Auch unser Garten liefert noch halb reife Sämereien: die des Garten-Rittersporns, vom Topinambur, vom Gänseblümchen und besonders ertragreich von der Studentenblume. Die Blütenköpfe des Gänseblümchens sind zudem bei meinen weiter oben bereits genannten Sittichen als Leckerbissen beliebt. Alle meine Vögel bekommen auch von dem der Vogelmiere sehr ähnelnden Hornkraut und gelegentlich eine kleine Menge der Zitronenmelisse.

An Gemüsesorten aus dem Garten ist Blattmangold (Beta vulgaris) gut geeignet. Im Winter kann man hin und wieder auch etwas Grün- oder Rosenkohl (Brassica oleracea) füttern. An käuflichem Grünfutter erhalten alle meine Vögel Chicorée – eine Zuchtform der Gemeinen Wegwarte und somit ein Korbblütengewächs. Um die Knospen ein paar Tage lagern zu können, aber vor allen Dingen, damit sich Blattgrün bildet, stelle ich sie mit dem unteren Teil in seichtes Wasser. Salat bekommen meine Vögel nicht. Zum einen ziehen wir diesen nicht selbst im Garten – und gekaufter enthält mir zu viele Chemikalien –, und zum anderen haben Wildpflanzen einen höheren Nährwert als beispielsweise Kopfsalat.

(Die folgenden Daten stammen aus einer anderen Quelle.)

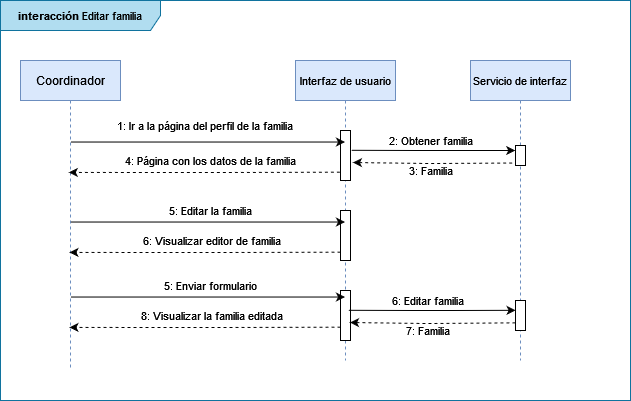

The diagram above was exported from draw.io. Its source (the exported page's mxGraphModel, read from the mxfile embedded in the PNG):
<mxGraphModel dx="813" dy="446" grid="1" gridSize="10" guides="1" tooltips="1" connect="1" arrows="1" fold="1" page="1" pageScale="1" pageWidth="850" pageHeight="1100" math="0" shadow="0">
  <root>
    <mxCell id="0" />
    <mxCell id="1" parent="0" />
    <mxCell id="3nuBFxr9cyL0pnOWT2aG-1" value="Coordinador" style="shape=umlLifeline;perimeter=lifelinePerimeter;container=1;collapsible=0;recursiveResize=0;rounded=0;shadow=0;strokeWidth=1;fillColor=#dae8fc;strokeColor=#6c8ebf;" parent="1" vertex="1">
      <mxGeometry x="50" y="80" width="100" height="310" as="geometry" />
    </mxCell>
    <mxCell id="3nuBFxr9cyL0pnOWT2aG-5" value="Interfaz de usuario" style="shape=umlLifeline;perimeter=lifelinePerimeter;container=1;collapsible=0;recursiveResize=0;rounded=0;shadow=0;strokeWidth=1;fontSize=11;fillColor=#dae8fc;strokeColor=#6c8ebf;" parent="1" vertex="1">
      <mxGeometry x="325" y="80" width="100" height="300" as="geometry" />
    </mxCell>
    <mxCell id="fScgSht1iu77TljdElkJ-5" value="" style="points=[];perimeter=orthogonalPerimeter;rounded=0;shadow=0;strokeWidth=1;" vertex="1" parent="3nuBFxr9cyL0pnOWT2aG-5">
      <mxGeometry x="45" y="70" width="10" height="50" as="geometry" />
    </mxCell>
    <mxCell id="fScgSht1iu77TljdElkJ-52" value="" style="points=[];perimeter=orthogonalPerimeter;rounded=0;shadow=0;strokeWidth=1;" vertex="1" parent="3nuBFxr9cyL0pnOWT2aG-5">
      <mxGeometry x="45" y="150" width="10" height="50" as="geometry" />
    </mxCell>
    <mxCell id="fScgSht1iu77TljdElkJ-74" value="" style="points=[];perimeter=orthogonalPerimeter;rounded=0;shadow=0;strokeWidth=1;" vertex="1" parent="3nuBFxr9cyL0pnOWT2aG-5">
      <mxGeometry x="45" y="230" width="10" height="50" as="geometry" />
    </mxCell>
    <mxCell id="fScgSht1iu77TljdElkJ-1" value="Servicio de interfaz" style="shape=umlLifeline;perimeter=lifelinePerimeter;container=1;collapsible=0;recursiveResize=0;rounded=0;shadow=0;strokeWidth=1;fontSize=11;fillColor=#dae8fc;strokeColor=#6c8ebf;" vertex="1" parent="1">
      <mxGeometry x="500" y="80" width="100" height="300" as="geometry" />
    </mxCell>
    <mxCell id="fScgSht1iu77TljdElkJ-9" value="" style="points=[];perimeter=orthogonalPerimeter;rounded=0;shadow=0;strokeWidth=1;" vertex="1" parent="fScgSht1iu77TljdElkJ-1">
      <mxGeometry x="45" y="85" width="10" height="20" as="geometry" />
    </mxCell>
    <mxCell id="fScgSht1iu77TljdElkJ-75" value="" style="points=[];perimeter=orthogonalPerimeter;rounded=0;shadow=0;strokeWidth=1;" vertex="1" parent="fScgSht1iu77TljdElkJ-1">
      <mxGeometry x="45" y="240" width="10" height="30" as="geometry" />
    </mxCell>
    <mxCell id="fScgSht1iu77TljdElkJ-3" value="" style="endArrow=classic;html=1;rounded=0;fontSize=11;exitX=0.5;exitY=0.263;exitDx=0;exitDy=0;exitPerimeter=0;" edge="1" parent="1" source="3nuBFxr9cyL0pnOWT2aG-1" target="3nuBFxr9cyL0pnOWT2aG-5">
      <mxGeometry width="50" height="50" relative="1" as="geometry">
        <mxPoint x="170" y="160" as="sourcePoint" />
        <mxPoint x="450" y="370" as="targetPoint" />
      </mxGeometry>
    </mxCell>
    <mxCell id="fScgSht1iu77TljdElkJ-4" value="1: Ir a la página del perfil de la familia" style="text;html=1;strokeColor=none;fillColor=none;align=center;verticalAlign=middle;whiteSpace=wrap;rounded=0;fontSize=11;" vertex="1" parent="1">
      <mxGeometry x="100" y="130" width="270" height="30" as="geometry" />
    </mxCell>
    <mxCell id="fScgSht1iu77TljdElkJ-8" value="" style="endArrow=classic;html=1;rounded=0;fontSize=11;dashed=1;exitX=-0.333;exitY=0.875;exitDx=0;exitDy=0;exitPerimeter=0;entryX=1.245;entryY=0.64;entryDx=0;entryDy=0;entryPerimeter=0;" edge="1" parent="1" source="fScgSht1iu77TljdElkJ-9" target="fScgSht1iu77TljdElkJ-5">
      <mxGeometry width="50" height="50" relative="1" as="geometry">
        <mxPoint x="490" y="360" as="sourcePoint" />
        <mxPoint x="390" y="183" as="targetPoint" />
        <Array as="points">
          <mxPoint x="460" y="183" />
        </Array>
      </mxGeometry>
    </mxCell>
    <mxCell id="fScgSht1iu77TljdElkJ-12" value="2: Obtener familia" style="text;html=1;align=center;verticalAlign=middle;resizable=0;points=[];autosize=1;strokeColor=none;fillColor=none;fontSize=11;" vertex="1" parent="1">
      <mxGeometry x="410" y="150" width="100" height="20" as="geometry" />
    </mxCell>
    <mxCell id="fScgSht1iu77TljdElkJ-13" value="3: Familia" style="text;html=1;align=center;verticalAlign=middle;resizable=0;points=[];autosize=1;strokeColor=none;fillColor=none;fontSize=11;" vertex="1" parent="1">
      <mxGeometry x="430" y="180" width="60" height="20" as="geometry" />
    </mxCell>
    <mxCell id="fScgSht1iu77TljdElkJ-14" value="" style="endArrow=classic;html=1;rounded=0;fontSize=11;entryX=0.483;entryY=0.361;entryDx=0;entryDy=0;entryPerimeter=0;dashed=1;exitX=-0.066;exitY=0.833;exitDx=0;exitDy=0;exitPerimeter=0;" edge="1" parent="1" source="fScgSht1iu77TljdElkJ-5" target="3nuBFxr9cyL0pnOWT2aG-1">
      <mxGeometry width="50" height="50" relative="1" as="geometry">
        <mxPoint x="375" y="188" as="sourcePoint" />
        <mxPoint x="364.5000000000002" y="229.5800000000001" as="targetPoint" />
        <Array as="points">
          <mxPoint x="240" y="192" />
        </Array>
      </mxGeometry>
    </mxCell>
    <mxCell id="fScgSht1iu77TljdElkJ-15" value="4: Página con los datos de la familia" style="text;html=1;align=center;verticalAlign=middle;resizable=0;points=[];autosize=1;strokeColor=none;fillColor=none;fontSize=11;" vertex="1" parent="1">
      <mxGeometry x="145" y="170" width="190" height="20" as="geometry" />
    </mxCell>
    <mxCell id="fScgSht1iu77TljdElkJ-16" value="&lt;b&gt;interacción &lt;/b&gt;Editar familia" style="shape=umlFrame;whiteSpace=wrap;html=1;fontSize=11;width=160;height=30;fillColor=#b1ddf0;strokeColor=#10739e;" vertex="1" parent="1">
      <mxGeometry x="30" y="20" width="630" height="400" as="geometry" />
    </mxCell>
    <mxCell id="fScgSht1iu77TljdElkJ-49" value="" style="endArrow=classic;html=1;rounded=0;fontSize=11;exitX=0.5;exitY=0.263;exitDx=0;exitDy=0;exitPerimeter=0;" edge="1" parent="1">
      <mxGeometry width="50" height="50" relative="1" as="geometry">
        <mxPoint x="100" y="241.5300000000001" as="sourcePoint" />
        <mxPoint x="374.5000000000002" y="241.5300000000001" as="targetPoint" />
      </mxGeometry>
    </mxCell>
    <mxCell id="fScgSht1iu77TljdElkJ-54" value="5: Editar la familia" style="text;html=1;strokeColor=none;fillColor=none;align=center;verticalAlign=middle;whiteSpace=wrap;rounded=0;fontSize=11;" vertex="1" parent="1">
      <mxGeometry x="105" y="215" width="270" height="30" as="geometry" />
    </mxCell>
    <mxCell id="fScgSht1iu77TljdElkJ-60" value="" style="endArrow=classic;html=1;rounded=0;fontSize=11;entryX=0.483;entryY=0.361;entryDx=0;entryDy=0;entryPerimeter=0;dashed=1;exitX=-0.066;exitY=0.833;exitDx=0;exitDy=0;exitPerimeter=0;" edge="1" parent="1">
      <mxGeometry width="50" height="50" relative="1" as="geometry">
        <mxPoint x="370" y="271.65" as="sourcePoint" />
        <mxPoint x="98.96000000000001" y="271.90999999999997" as="targetPoint" />
        <Array as="points">
          <mxPoint x="240.66" y="272" />
        </Array>
      </mxGeometry>
    </mxCell>
    <mxCell id="fScgSht1iu77TljdElkJ-61" value="6: Visualizar editor de familia" style="text;html=1;align=center;verticalAlign=middle;resizable=0;points=[];autosize=1;strokeColor=none;fillColor=none;fontSize=11;" vertex="1" parent="1">
      <mxGeometry x="165.66" y="250" width="150" height="20" as="geometry" />
    </mxCell>
    <mxCell id="fScgSht1iu77TljdElkJ-64" value="" style="endArrow=classic;html=1;rounded=0;fontSize=11;exitX=0.5;exitY=0.263;exitDx=0;exitDy=0;exitPerimeter=0;" edge="1" parent="1">
      <mxGeometry width="50" height="50" relative="1" as="geometry">
        <mxPoint x="100" y="316.53000000000003" as="sourcePoint" />
        <mxPoint x="374.50000000000034" y="316.53000000000003" as="targetPoint" />
      </mxGeometry>
    </mxCell>
    <mxCell id="fScgSht1iu77TljdElkJ-65" value="5: Enviar formulario" style="text;html=1;strokeColor=none;fillColor=none;align=center;verticalAlign=middle;whiteSpace=wrap;rounded=0;fontSize=11;" vertex="1" parent="1">
      <mxGeometry x="105" y="290" width="270" height="30" as="geometry" />
    </mxCell>
    <mxCell id="fScgSht1iu77TljdElkJ-66" value="" style="endArrow=classic;html=1;rounded=0;fontSize=11;entryX=0.483;entryY=0.361;entryDx=0;entryDy=0;entryPerimeter=0;dashed=1;exitX=-0.066;exitY=0.833;exitDx=0;exitDy=0;exitPerimeter=0;" edge="1" parent="1">
      <mxGeometry width="50" height="50" relative="1" as="geometry">
        <mxPoint x="370" y="346.65" as="sourcePoint" />
        <mxPoint x="98.96000000000004" y="346.90999999999997" as="targetPoint" />
        <Array as="points">
          <mxPoint x="240.66" y="347" />
        </Array>
      </mxGeometry>
    </mxCell>
    <mxCell id="fScgSht1iu77TljdElkJ-67" value="8: Visualizar la familia editada" style="text;html=1;align=center;verticalAlign=middle;resizable=0;points=[];autosize=1;strokeColor=none;fillColor=none;fontSize=11;" vertex="1" parent="1">
      <mxGeometry x="160.66" y="325" width="160" height="20" as="geometry" />
    </mxCell>
    <mxCell id="fScgSht1iu77TljdElkJ-69" value="" style="endArrow=classic;html=1;rounded=0;fontSize=11;exitX=1.104;exitY=0.396;exitDx=0;exitDy=0;exitPerimeter=0;" edge="1" parent="1" source="fScgSht1iu77TljdElkJ-5">
      <mxGeometry width="50" height="50" relative="1" as="geometry">
        <mxPoint x="400" y="170" as="sourcePoint" />
        <mxPoint x="544.7499999999999" y="170" as="targetPoint" />
        <Array as="points">
          <mxPoint x="445.25" y="170" />
          <mxPoint x="485.25" y="170" />
        </Array>
      </mxGeometry>
    </mxCell>
    <mxCell id="fScgSht1iu77TljdElkJ-70" value="" style="endArrow=classic;html=1;rounded=0;fontSize=11;dashed=1;exitX=-0.012;exitY=0.744;exitDx=0;exitDy=0;exitPerimeter=0;entryX=1.245;entryY=0.64;entryDx=0;entryDy=0;entryPerimeter=0;" edge="1" parent="1" source="fScgSht1iu77TljdElkJ-75">
      <mxGeometry width="50" height="50" relative="1" as="geometry">
        <mxPoint x="538.7700000000001" y="342.5" as="sourcePoint" />
        <mxPoint x="379.55000000000007" y="342" as="targetPoint" />
        <Array as="points">
          <mxPoint x="457.1" y="343" />
        </Array>
      </mxGeometry>
    </mxCell>
    <mxCell id="fScgSht1iu77TljdElkJ-71" value="6: Editar familia" style="text;html=1;align=center;verticalAlign=middle;resizable=0;points=[];autosize=1;strokeColor=none;fillColor=none;fontSize=11;" vertex="1" parent="1">
      <mxGeometry x="412.1" y="310" width="90" height="20" as="geometry" />
    </mxCell>
    <mxCell id="fScgSht1iu77TljdElkJ-72" value="7: Familia" style="text;html=1;align=center;verticalAlign=middle;resizable=0;points=[];autosize=1;strokeColor=none;fillColor=none;fontSize=11;" vertex="1" parent="1">
      <mxGeometry x="427.1" y="340" width="60" height="20" as="geometry" />
    </mxCell>
    <mxCell id="fScgSht1iu77TljdElkJ-73" value="" style="endArrow=classic;html=1;rounded=0;fontSize=11;exitX=1.104;exitY=0.396;exitDx=0;exitDy=0;exitPerimeter=0;entryX=0.008;entryY=0.327;entryDx=0;entryDy=0;entryPerimeter=0;" edge="1" parent="1" target="fScgSht1iu77TljdElkJ-75">
      <mxGeometry width="50" height="50" relative="1" as="geometry">
        <mxPoint x="378.14" y="329.8" as="sourcePoint" />
        <mxPoint x="541.8499999999999" y="330" as="targetPoint" />
        <Array as="points">
          <mxPoint x="442.35" y="330" />
          <mxPoint x="482.35" y="330" />
        </Array>
      </mxGeometry>
    </mxCell>
  </root>
</mxGraphModel>

So wertvoll Grünfutter für unsere Vögel auch ist, man darf es mit der angebotenen Menge nicht übertreiben. Bei einer zu grossen Menge bekommen nämlich viele Vögel schon bald Darmprobleme. Auch spielt es eine Rolle, ob ein Vogel regelmässig Grünes erhält, er also daran gewöhnt ist, oder nicht. Für einen Wellensittich oder Kanarienvogel würde ich zum Beispiel ein Löwenzahnblatt oder einige wenige Ähren einer Gräserart täglich oder gar nur jeden zweiten Tag als vollkommen ausreichend erachten. Futterpflanzen, die man in freier Natur sammelt, dürfen natürlich nicht mit Pestiziden belastet sein, und auch direkt an viel befahrenen Strassen sollte man kein Grünfutter pflücken. Bei der Frage, ob die Pflanzen bei der Fütterung nass sein dürfen, scheiden sich die Geister. Manche Experten meinen, wenn die Vögel feuchtes Grünfutter gewohnt sind, schadet es nicht. Persönlich gehe ich da jedoch kein Risiko ein. Bei mir gibt es ausschliesslich trockenes Grünzeug.

Natürlich gibt es noch viele weitere als die hier aufgezählten Futterpflanzen, die man seinen Vögeln anbieten kann. Es soll ja auch nur eine Auflistung der Arten sein, die meine eigenen Gefiederten erhalten. Um die Recherchen über Aussehen, Vorkommen und Blütezeit in den Pflanzenbestimmungsbüchern oder im Internet zu erleichtern, ist bei vielen Sorten auch die wissenschaftliche Bezeichnung angegeben.